=== Required work ===
Where does the word "value" show up in the records? Copy every line that has it.

___

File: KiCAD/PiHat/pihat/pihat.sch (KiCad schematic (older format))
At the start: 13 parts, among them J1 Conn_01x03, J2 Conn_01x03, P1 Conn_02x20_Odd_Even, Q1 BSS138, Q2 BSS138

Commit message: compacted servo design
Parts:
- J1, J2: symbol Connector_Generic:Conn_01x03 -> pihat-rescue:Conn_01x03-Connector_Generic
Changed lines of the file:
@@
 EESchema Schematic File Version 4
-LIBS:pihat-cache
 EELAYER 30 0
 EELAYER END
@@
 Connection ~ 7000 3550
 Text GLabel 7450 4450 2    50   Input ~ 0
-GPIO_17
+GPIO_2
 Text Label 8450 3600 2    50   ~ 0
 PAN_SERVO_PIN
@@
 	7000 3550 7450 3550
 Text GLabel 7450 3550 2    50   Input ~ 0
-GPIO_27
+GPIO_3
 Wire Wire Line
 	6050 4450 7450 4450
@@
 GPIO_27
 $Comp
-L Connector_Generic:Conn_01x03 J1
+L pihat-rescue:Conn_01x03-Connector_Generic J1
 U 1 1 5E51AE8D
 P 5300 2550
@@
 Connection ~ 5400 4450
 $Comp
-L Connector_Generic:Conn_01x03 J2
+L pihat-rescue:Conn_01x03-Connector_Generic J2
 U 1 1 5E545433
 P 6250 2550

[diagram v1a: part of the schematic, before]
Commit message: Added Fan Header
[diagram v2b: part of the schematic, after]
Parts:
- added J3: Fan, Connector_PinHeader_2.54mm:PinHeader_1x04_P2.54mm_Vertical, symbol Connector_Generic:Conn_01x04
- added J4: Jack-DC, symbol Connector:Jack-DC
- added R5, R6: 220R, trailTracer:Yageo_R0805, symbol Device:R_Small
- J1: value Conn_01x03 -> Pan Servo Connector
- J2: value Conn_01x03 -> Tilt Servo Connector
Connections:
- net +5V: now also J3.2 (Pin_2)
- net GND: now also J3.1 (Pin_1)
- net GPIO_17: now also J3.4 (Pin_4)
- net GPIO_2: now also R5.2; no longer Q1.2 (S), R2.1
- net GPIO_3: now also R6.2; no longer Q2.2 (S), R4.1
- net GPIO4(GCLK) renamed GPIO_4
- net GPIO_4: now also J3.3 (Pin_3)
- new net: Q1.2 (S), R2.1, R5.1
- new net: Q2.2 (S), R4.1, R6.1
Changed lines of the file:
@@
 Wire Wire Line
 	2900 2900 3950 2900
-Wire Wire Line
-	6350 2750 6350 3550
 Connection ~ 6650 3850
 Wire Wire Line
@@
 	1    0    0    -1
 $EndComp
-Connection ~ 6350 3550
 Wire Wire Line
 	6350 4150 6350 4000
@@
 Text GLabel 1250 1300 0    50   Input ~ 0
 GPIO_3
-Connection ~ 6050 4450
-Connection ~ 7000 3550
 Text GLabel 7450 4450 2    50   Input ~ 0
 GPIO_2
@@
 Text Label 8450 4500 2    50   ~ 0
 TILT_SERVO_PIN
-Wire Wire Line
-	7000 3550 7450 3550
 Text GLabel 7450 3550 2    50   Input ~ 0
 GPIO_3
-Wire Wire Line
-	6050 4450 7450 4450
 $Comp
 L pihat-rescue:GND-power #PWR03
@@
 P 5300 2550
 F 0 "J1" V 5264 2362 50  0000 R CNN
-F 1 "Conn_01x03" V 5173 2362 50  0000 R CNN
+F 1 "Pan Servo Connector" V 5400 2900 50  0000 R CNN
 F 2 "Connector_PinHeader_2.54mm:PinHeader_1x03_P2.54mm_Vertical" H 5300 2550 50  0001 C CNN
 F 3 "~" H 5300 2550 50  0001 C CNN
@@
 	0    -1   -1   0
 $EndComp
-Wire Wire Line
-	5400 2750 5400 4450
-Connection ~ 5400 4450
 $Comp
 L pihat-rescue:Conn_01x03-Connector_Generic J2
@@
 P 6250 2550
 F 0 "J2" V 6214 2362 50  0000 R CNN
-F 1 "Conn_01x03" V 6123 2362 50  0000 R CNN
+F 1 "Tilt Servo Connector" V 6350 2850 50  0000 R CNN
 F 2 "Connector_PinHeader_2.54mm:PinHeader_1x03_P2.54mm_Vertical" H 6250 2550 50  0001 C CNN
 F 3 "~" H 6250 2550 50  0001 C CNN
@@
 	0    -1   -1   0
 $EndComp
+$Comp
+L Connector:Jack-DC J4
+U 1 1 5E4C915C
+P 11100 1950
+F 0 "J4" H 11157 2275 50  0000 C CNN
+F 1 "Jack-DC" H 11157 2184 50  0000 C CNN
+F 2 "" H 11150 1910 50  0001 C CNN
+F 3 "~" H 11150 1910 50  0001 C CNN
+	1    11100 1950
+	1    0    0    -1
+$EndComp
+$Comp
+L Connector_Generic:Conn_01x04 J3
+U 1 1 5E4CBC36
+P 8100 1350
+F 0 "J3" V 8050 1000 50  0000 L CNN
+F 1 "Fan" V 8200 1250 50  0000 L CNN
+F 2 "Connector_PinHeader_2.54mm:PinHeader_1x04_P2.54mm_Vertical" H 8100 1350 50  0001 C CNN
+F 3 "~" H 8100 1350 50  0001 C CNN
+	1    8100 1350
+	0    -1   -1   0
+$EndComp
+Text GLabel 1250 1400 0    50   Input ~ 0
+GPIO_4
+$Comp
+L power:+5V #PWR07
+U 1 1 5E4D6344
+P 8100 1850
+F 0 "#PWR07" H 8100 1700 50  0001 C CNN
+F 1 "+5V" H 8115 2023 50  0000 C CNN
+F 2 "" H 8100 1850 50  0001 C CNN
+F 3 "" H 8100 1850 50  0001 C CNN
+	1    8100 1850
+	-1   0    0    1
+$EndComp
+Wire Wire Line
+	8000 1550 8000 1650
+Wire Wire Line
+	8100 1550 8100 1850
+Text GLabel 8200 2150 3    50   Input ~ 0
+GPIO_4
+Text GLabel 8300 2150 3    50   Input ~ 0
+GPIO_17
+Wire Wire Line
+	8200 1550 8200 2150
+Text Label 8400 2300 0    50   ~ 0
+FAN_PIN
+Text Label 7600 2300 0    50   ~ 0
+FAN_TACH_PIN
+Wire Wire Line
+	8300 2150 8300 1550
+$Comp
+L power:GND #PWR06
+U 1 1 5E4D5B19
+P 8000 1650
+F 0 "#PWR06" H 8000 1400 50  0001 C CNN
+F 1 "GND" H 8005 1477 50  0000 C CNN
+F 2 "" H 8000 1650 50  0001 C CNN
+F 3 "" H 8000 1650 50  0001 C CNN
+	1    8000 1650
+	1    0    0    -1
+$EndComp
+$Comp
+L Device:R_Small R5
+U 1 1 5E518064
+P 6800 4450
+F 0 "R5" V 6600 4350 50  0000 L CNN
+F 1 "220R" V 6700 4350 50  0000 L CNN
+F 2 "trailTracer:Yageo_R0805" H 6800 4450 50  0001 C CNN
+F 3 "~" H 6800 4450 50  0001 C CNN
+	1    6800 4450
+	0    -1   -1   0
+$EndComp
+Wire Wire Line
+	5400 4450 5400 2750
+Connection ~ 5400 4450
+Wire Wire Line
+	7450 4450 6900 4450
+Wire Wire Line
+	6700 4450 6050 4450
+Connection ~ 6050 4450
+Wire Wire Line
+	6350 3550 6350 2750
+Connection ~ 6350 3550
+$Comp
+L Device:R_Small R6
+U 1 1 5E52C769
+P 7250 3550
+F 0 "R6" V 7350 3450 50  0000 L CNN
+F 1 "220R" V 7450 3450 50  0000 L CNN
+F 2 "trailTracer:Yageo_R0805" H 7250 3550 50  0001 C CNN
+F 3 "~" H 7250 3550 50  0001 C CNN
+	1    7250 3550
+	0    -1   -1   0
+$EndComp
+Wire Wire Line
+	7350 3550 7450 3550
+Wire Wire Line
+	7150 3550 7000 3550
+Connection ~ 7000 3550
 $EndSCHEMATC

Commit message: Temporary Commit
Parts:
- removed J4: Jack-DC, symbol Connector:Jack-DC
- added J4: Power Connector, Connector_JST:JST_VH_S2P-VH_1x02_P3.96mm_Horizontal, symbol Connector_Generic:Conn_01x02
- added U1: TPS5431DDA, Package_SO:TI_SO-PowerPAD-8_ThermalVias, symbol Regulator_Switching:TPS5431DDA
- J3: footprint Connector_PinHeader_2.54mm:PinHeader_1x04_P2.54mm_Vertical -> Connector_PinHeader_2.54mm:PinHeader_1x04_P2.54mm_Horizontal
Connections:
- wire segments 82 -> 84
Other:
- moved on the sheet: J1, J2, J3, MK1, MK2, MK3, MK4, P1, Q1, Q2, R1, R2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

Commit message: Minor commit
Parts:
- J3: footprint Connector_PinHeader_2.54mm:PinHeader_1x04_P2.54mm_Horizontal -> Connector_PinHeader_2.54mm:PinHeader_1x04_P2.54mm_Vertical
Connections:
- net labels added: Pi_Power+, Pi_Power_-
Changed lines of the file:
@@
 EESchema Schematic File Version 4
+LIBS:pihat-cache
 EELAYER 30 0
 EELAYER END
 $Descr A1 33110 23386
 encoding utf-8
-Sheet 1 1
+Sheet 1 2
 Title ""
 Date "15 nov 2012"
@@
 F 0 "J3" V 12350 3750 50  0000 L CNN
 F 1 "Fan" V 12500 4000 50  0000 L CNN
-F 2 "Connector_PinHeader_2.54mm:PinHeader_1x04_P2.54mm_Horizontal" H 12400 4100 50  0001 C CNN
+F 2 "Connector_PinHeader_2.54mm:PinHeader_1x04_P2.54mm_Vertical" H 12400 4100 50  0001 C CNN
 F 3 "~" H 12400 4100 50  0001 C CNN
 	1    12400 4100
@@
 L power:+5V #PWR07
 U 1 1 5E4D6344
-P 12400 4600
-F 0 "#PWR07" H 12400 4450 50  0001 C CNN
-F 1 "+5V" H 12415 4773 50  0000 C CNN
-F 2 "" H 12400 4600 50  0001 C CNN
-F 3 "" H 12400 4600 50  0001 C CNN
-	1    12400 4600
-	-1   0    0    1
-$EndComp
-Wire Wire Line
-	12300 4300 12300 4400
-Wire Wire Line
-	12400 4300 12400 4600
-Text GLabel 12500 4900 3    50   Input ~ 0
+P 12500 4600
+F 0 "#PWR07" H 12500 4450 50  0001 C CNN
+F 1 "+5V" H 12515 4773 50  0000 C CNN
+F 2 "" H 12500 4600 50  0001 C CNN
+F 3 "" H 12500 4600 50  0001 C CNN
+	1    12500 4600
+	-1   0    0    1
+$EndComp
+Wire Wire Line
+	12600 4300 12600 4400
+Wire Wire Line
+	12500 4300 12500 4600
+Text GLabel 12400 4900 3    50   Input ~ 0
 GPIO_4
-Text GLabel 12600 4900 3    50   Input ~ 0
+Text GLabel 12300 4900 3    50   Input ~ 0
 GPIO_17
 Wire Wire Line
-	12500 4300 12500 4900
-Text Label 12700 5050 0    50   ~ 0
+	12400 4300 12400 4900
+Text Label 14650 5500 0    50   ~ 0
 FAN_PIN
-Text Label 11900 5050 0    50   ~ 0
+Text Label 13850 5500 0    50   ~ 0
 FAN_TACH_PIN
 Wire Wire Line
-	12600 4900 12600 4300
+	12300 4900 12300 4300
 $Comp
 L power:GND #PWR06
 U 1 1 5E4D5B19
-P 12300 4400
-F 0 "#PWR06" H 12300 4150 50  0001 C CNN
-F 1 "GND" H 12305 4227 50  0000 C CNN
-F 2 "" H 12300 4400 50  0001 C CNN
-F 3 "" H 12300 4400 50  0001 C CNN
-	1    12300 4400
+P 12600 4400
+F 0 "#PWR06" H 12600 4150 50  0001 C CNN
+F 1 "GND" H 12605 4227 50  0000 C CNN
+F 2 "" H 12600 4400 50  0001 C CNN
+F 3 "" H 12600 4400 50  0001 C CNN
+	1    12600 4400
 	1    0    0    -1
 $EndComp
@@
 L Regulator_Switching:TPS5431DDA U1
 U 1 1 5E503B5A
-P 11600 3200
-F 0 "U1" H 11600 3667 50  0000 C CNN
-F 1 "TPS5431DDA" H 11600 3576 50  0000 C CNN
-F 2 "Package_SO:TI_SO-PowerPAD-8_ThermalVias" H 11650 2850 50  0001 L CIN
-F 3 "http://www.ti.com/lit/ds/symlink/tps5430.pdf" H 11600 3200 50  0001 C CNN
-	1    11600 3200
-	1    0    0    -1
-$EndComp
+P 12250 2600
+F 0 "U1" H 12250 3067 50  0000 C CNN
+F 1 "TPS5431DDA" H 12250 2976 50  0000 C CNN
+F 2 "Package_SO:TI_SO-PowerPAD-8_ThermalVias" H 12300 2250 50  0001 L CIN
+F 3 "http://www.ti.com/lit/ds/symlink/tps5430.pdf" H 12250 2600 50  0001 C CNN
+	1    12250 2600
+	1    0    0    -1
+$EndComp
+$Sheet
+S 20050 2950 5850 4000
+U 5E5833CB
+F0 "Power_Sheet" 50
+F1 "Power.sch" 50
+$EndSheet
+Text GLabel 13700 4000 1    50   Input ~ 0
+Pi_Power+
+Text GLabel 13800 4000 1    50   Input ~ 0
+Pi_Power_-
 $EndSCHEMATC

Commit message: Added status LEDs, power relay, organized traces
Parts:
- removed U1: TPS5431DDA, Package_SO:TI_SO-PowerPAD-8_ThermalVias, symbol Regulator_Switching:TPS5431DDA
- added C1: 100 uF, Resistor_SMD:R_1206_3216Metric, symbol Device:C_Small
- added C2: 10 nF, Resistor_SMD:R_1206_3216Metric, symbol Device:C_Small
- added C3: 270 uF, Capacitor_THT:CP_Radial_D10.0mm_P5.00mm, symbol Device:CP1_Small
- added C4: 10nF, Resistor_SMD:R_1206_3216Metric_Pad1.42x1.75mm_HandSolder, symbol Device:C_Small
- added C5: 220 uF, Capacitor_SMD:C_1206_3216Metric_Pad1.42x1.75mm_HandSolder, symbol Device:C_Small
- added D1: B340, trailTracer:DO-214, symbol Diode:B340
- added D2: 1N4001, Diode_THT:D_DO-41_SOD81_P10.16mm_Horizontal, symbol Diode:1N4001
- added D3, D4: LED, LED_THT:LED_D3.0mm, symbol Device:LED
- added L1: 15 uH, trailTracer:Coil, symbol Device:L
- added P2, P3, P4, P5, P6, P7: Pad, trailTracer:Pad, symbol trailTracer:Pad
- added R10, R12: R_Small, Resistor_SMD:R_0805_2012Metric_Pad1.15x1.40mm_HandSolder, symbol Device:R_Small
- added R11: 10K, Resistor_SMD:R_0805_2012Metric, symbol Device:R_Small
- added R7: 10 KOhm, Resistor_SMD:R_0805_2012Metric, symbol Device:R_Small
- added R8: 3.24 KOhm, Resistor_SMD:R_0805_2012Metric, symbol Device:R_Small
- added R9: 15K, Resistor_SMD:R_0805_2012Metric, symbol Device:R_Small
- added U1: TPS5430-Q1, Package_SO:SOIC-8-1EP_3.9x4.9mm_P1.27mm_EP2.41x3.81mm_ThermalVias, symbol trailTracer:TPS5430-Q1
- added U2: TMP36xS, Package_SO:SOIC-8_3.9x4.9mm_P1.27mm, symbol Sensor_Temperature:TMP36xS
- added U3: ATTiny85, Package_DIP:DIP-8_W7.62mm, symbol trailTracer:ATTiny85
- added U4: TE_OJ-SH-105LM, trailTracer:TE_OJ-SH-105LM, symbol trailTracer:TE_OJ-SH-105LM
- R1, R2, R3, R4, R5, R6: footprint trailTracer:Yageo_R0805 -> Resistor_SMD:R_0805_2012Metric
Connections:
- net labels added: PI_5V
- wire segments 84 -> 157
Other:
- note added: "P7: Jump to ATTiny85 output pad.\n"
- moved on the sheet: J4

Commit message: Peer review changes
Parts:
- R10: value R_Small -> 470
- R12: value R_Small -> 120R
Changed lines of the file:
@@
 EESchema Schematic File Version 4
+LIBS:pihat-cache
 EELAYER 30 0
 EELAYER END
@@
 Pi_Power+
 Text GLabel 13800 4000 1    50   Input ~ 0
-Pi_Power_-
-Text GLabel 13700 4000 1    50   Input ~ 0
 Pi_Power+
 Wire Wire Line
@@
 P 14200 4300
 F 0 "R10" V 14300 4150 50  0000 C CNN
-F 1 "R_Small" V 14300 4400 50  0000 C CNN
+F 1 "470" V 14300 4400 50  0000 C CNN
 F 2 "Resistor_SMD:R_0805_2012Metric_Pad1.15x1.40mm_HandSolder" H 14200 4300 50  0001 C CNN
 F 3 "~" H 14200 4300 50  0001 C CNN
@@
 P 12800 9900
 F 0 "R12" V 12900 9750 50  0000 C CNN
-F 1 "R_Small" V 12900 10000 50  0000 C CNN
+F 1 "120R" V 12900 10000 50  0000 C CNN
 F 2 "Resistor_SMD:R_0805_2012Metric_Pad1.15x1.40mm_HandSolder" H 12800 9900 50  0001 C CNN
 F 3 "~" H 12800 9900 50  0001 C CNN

___

=== Answer section ===
- J1: value Conn_01x03 -> Pan Servo Connector
- J2: value Conn_01x03 -> Tilt Servo Connector
- R10: value R_Small -> 470
- R12: value R_Small -> 120R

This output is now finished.